What the exercise asks: Please copy, character for character, each line from the beginning of the listing to the line containing "A low cost but", including both.
┏━━
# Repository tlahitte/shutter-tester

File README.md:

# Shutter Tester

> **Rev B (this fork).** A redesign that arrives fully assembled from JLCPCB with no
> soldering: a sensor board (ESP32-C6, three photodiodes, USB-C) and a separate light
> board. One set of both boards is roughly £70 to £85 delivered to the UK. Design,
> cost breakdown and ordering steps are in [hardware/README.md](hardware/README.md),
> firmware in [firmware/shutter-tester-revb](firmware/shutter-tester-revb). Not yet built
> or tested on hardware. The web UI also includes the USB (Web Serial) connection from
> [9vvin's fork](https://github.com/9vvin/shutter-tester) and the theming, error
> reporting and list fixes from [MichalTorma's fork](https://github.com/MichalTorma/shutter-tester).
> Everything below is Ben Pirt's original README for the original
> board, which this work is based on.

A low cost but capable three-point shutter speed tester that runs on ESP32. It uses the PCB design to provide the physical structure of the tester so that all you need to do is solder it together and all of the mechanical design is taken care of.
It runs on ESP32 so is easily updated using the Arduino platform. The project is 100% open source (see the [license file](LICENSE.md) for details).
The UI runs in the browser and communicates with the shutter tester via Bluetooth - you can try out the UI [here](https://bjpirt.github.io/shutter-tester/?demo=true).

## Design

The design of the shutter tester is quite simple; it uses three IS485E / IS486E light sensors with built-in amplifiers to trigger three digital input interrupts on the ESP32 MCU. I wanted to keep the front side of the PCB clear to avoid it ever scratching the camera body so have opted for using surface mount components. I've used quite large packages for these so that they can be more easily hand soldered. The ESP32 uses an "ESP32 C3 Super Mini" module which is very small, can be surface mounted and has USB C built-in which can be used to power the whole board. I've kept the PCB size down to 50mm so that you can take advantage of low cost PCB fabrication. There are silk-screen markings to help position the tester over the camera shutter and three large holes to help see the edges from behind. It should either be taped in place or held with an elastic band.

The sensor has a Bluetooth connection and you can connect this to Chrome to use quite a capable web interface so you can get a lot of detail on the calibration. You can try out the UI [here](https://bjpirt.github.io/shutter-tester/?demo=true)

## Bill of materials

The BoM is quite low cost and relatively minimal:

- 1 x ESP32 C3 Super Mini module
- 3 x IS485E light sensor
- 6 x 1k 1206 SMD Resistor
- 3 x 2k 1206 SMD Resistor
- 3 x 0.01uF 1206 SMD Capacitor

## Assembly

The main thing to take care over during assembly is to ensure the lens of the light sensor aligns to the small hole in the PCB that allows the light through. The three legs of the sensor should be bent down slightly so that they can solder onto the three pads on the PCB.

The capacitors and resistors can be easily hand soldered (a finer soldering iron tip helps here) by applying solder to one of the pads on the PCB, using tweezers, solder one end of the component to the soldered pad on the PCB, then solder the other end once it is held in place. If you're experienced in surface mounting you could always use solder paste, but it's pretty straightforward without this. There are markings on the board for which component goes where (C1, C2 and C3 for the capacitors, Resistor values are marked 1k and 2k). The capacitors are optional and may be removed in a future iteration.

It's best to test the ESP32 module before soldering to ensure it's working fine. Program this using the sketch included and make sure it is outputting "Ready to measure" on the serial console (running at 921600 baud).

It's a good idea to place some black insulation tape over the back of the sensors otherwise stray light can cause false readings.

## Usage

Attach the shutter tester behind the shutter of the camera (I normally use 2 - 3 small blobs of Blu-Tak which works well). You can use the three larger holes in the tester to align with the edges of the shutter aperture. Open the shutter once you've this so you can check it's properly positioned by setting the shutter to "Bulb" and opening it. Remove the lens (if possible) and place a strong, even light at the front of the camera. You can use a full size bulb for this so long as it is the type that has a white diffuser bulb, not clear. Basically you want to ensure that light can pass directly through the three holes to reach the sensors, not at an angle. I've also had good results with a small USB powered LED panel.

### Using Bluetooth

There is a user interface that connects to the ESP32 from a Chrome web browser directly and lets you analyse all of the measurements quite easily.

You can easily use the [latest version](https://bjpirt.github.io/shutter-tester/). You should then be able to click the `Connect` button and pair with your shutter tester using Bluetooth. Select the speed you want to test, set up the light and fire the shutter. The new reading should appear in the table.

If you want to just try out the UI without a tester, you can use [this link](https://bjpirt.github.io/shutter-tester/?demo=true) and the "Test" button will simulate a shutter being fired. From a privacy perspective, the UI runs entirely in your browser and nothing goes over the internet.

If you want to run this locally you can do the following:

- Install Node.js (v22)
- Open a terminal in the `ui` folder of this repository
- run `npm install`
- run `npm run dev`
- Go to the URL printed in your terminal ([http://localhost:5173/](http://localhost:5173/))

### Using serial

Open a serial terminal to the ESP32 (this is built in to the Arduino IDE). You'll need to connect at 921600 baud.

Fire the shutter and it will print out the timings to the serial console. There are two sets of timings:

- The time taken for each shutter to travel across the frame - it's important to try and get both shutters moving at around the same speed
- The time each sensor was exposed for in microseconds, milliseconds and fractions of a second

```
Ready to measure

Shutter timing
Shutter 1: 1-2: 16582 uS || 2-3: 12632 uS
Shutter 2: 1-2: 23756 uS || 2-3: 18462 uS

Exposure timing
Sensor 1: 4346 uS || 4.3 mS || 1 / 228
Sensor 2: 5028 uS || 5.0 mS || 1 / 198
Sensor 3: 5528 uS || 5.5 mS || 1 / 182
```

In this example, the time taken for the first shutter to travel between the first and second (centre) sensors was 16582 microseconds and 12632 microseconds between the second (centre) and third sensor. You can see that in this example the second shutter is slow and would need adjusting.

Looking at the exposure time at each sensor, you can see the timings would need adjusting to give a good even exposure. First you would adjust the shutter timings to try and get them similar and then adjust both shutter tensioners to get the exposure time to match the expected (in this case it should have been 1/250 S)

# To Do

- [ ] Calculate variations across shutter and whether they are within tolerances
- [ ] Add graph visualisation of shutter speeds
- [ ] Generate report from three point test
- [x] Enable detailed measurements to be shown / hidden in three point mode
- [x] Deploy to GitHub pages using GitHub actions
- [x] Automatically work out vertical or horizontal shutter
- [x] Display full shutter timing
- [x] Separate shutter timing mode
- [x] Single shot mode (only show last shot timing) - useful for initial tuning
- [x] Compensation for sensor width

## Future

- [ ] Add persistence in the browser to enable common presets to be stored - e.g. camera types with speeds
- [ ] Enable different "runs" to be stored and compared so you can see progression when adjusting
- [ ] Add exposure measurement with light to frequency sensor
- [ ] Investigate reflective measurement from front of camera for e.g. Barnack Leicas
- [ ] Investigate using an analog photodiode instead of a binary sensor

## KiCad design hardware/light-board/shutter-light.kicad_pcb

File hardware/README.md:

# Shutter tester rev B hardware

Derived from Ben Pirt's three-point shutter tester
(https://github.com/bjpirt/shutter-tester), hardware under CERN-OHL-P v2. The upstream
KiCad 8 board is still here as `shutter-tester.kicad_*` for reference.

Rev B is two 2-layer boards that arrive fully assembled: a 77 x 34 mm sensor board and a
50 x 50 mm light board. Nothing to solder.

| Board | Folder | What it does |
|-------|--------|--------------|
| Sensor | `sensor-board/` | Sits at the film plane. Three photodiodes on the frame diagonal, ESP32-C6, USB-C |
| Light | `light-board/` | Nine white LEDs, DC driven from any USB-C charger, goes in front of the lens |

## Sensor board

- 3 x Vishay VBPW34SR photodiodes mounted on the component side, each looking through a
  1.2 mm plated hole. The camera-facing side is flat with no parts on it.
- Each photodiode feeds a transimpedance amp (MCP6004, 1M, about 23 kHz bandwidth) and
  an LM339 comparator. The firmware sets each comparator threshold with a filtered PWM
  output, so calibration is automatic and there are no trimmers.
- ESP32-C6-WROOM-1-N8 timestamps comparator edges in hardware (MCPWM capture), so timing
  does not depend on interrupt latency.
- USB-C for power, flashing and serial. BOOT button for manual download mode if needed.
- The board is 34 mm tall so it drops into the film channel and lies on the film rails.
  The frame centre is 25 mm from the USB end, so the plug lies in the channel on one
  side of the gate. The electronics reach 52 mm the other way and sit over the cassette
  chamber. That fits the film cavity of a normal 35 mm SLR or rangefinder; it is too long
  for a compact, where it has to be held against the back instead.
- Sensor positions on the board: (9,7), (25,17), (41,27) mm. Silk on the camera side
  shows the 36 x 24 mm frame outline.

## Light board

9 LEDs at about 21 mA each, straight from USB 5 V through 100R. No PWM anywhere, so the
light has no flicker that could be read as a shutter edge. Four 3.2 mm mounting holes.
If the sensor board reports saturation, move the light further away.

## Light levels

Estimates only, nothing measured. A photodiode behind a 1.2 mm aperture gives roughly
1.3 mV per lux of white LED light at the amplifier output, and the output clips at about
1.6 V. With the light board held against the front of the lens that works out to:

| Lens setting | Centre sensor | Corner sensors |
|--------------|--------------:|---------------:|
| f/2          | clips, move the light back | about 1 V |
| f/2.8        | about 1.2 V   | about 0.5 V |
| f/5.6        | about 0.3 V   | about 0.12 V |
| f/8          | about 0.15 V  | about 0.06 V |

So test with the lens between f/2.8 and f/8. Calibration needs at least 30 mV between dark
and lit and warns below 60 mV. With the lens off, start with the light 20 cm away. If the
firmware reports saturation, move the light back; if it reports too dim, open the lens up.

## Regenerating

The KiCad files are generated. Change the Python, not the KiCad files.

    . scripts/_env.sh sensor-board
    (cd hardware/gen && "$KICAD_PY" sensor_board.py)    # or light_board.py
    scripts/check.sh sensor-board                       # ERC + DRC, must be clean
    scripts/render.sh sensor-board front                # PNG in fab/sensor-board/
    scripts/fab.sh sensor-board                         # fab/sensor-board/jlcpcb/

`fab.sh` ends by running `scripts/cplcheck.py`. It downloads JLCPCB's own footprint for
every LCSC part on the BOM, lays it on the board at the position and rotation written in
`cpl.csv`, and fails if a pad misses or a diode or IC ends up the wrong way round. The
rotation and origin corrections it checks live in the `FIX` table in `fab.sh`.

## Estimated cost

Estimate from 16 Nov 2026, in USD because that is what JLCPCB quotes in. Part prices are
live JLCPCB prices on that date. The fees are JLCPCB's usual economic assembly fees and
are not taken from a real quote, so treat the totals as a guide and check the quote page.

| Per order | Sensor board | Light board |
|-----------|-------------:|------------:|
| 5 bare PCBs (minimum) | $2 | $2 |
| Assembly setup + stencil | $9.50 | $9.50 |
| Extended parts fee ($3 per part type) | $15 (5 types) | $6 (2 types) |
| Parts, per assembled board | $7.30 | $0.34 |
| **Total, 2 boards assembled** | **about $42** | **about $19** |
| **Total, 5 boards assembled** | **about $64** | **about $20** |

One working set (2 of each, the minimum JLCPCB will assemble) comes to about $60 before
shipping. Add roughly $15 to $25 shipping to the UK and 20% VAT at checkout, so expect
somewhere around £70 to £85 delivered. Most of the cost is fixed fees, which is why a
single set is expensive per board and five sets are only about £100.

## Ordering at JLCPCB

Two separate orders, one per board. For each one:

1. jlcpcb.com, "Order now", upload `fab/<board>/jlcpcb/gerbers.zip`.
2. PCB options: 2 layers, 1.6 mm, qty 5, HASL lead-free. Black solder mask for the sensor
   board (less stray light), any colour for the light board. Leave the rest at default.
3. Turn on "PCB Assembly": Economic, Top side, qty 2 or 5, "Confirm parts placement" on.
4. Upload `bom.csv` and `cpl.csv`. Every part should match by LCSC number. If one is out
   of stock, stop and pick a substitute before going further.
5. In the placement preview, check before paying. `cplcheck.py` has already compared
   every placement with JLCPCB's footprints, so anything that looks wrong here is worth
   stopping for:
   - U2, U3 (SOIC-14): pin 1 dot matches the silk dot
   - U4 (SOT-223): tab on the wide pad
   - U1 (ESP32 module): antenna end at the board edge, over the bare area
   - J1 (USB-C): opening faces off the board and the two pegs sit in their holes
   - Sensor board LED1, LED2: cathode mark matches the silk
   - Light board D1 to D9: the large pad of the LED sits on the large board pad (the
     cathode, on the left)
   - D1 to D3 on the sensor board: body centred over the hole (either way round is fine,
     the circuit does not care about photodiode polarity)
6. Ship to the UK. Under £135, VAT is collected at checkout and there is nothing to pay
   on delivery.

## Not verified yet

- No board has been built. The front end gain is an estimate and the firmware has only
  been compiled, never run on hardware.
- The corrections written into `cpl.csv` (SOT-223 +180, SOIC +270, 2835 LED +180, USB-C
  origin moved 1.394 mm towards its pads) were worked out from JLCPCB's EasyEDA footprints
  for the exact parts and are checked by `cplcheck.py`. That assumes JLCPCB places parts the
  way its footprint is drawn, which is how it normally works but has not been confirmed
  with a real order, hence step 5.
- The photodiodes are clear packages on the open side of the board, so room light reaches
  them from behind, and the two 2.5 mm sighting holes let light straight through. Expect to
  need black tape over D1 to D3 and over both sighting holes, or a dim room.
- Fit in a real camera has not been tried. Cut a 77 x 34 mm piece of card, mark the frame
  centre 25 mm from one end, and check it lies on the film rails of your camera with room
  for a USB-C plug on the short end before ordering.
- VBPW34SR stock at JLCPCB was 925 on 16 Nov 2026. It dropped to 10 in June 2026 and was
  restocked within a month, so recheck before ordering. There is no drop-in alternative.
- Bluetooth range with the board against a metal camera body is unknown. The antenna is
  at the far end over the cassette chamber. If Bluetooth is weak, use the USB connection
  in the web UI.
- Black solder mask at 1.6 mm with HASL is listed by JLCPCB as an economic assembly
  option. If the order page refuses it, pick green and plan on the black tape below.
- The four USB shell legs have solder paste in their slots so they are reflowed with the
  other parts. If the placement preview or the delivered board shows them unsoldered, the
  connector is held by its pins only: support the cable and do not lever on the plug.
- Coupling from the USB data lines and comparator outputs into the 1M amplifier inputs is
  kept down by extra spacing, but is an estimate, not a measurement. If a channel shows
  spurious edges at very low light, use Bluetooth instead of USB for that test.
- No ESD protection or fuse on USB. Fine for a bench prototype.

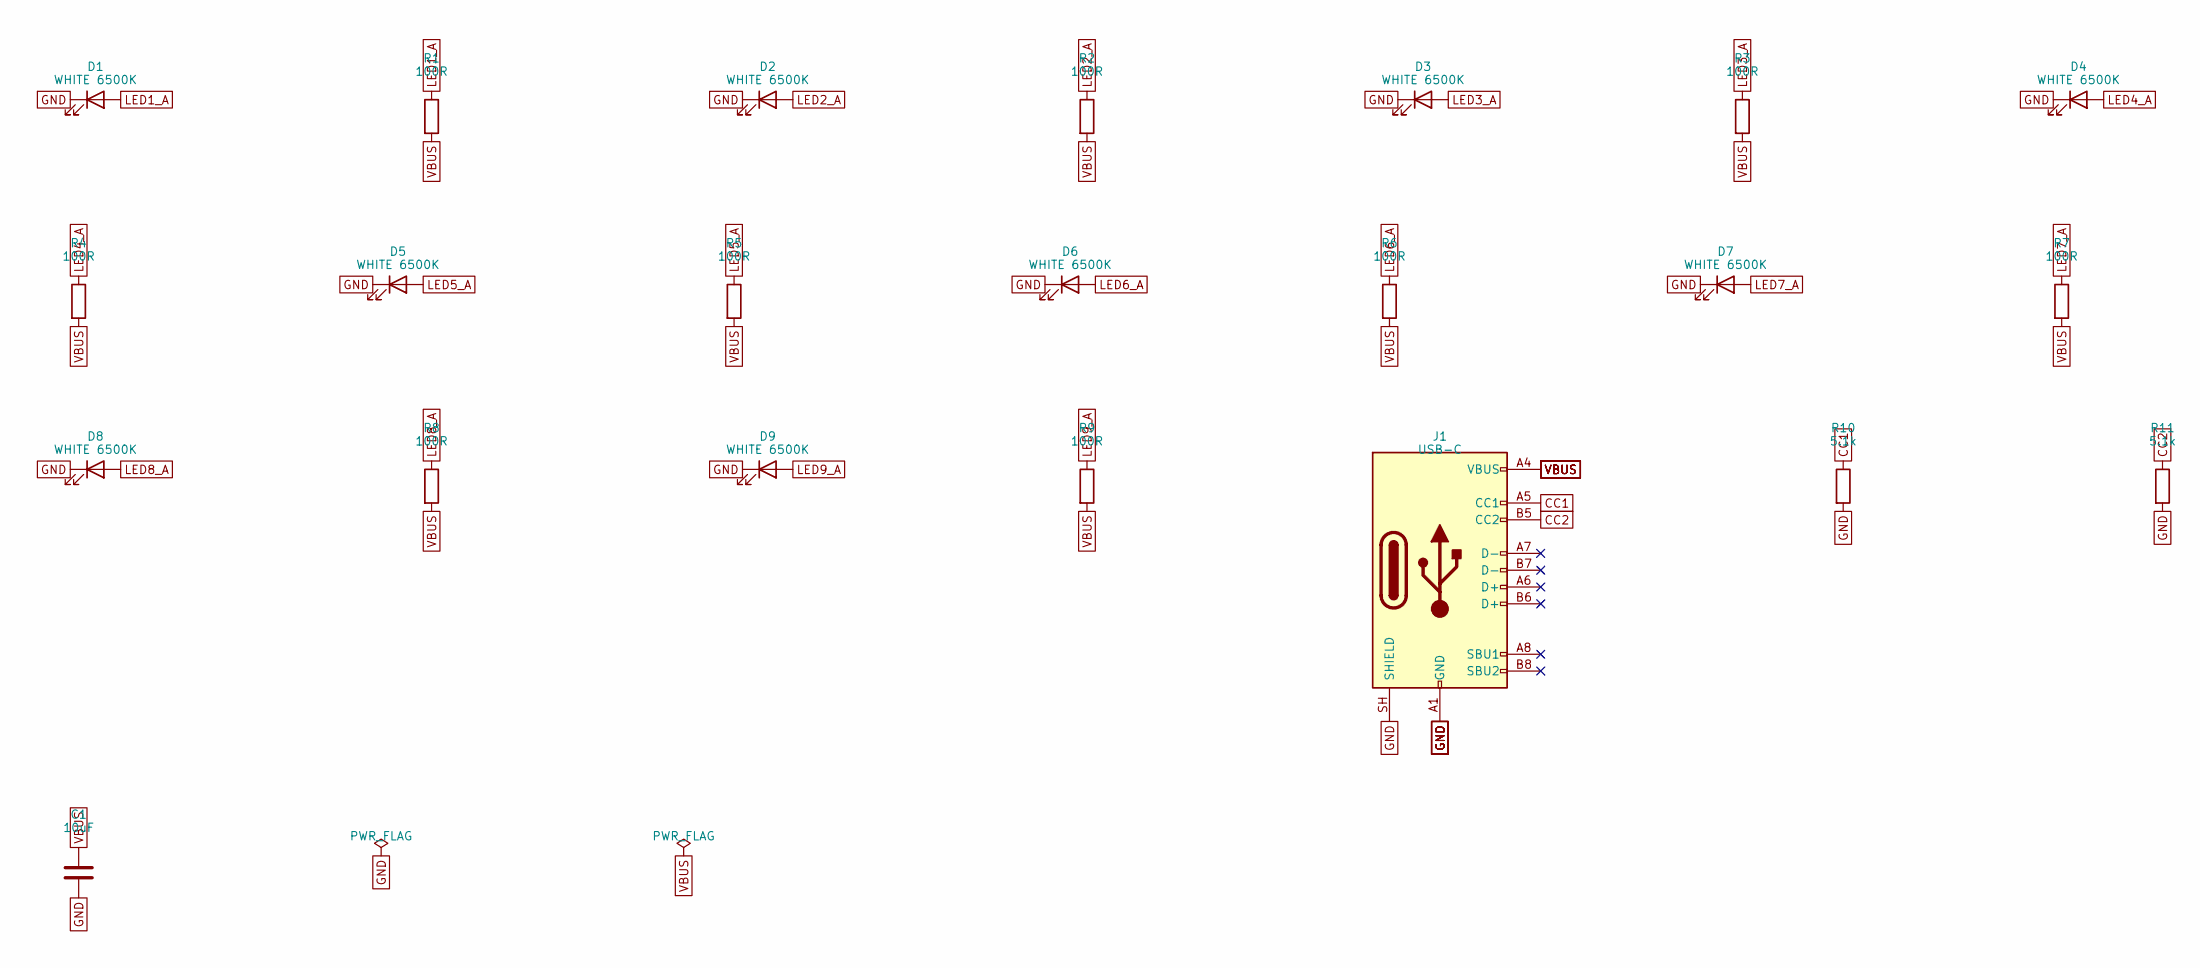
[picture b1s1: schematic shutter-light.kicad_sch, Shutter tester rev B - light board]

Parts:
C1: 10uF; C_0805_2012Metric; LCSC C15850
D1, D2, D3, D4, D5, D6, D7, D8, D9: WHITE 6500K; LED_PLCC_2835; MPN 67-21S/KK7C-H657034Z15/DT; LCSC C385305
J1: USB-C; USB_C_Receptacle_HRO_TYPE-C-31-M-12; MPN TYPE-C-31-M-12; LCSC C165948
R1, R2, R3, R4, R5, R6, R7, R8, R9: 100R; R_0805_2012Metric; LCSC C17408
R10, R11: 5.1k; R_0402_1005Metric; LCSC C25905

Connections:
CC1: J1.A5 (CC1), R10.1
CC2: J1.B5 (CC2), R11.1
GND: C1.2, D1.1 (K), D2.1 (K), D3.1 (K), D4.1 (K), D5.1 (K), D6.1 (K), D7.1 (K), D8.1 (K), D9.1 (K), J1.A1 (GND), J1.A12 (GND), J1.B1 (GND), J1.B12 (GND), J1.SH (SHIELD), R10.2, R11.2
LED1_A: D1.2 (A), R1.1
┗━━
Solved exercise:
# Repository tlahitte/shutter-tester

File README.md:

# Shutter Tester

> **Rev B (this fork).** A redesign that arrives fully assembled from JLCPCB with no
> soldering: a sensor board (ESP32-C6, three photodiodes, USB-C) and a separate light
> board. One set of both boards is roughly £70 to £85 delivered to the UK. Design,
> cost breakdown and ordering steps are in [hardware/README.md](hardware/README.md),
> firmware in [firmware/shutter-tester-revb](firmware/shutter-tester-revb). Not yet built
> or tested on hardware. The web UI also includes the USB (Web Serial) connection from
> [9vvin's fork](https://github.com/9vvin/shutter-tester) and the theming, error
> reporting and list fixes from [MichalTorma's fork](https://github.com/MichalTorma/shutter-tester).
> Everything below is Ben Pirt's original README for the original
> board, which this work is based on.

A low cost but capable three-point shutter speed tester that runs on ESP32. It uses the PCB design to provide the physical structure of the tester so that all you need to do is solder it together and all of the mechanical design is taken care of.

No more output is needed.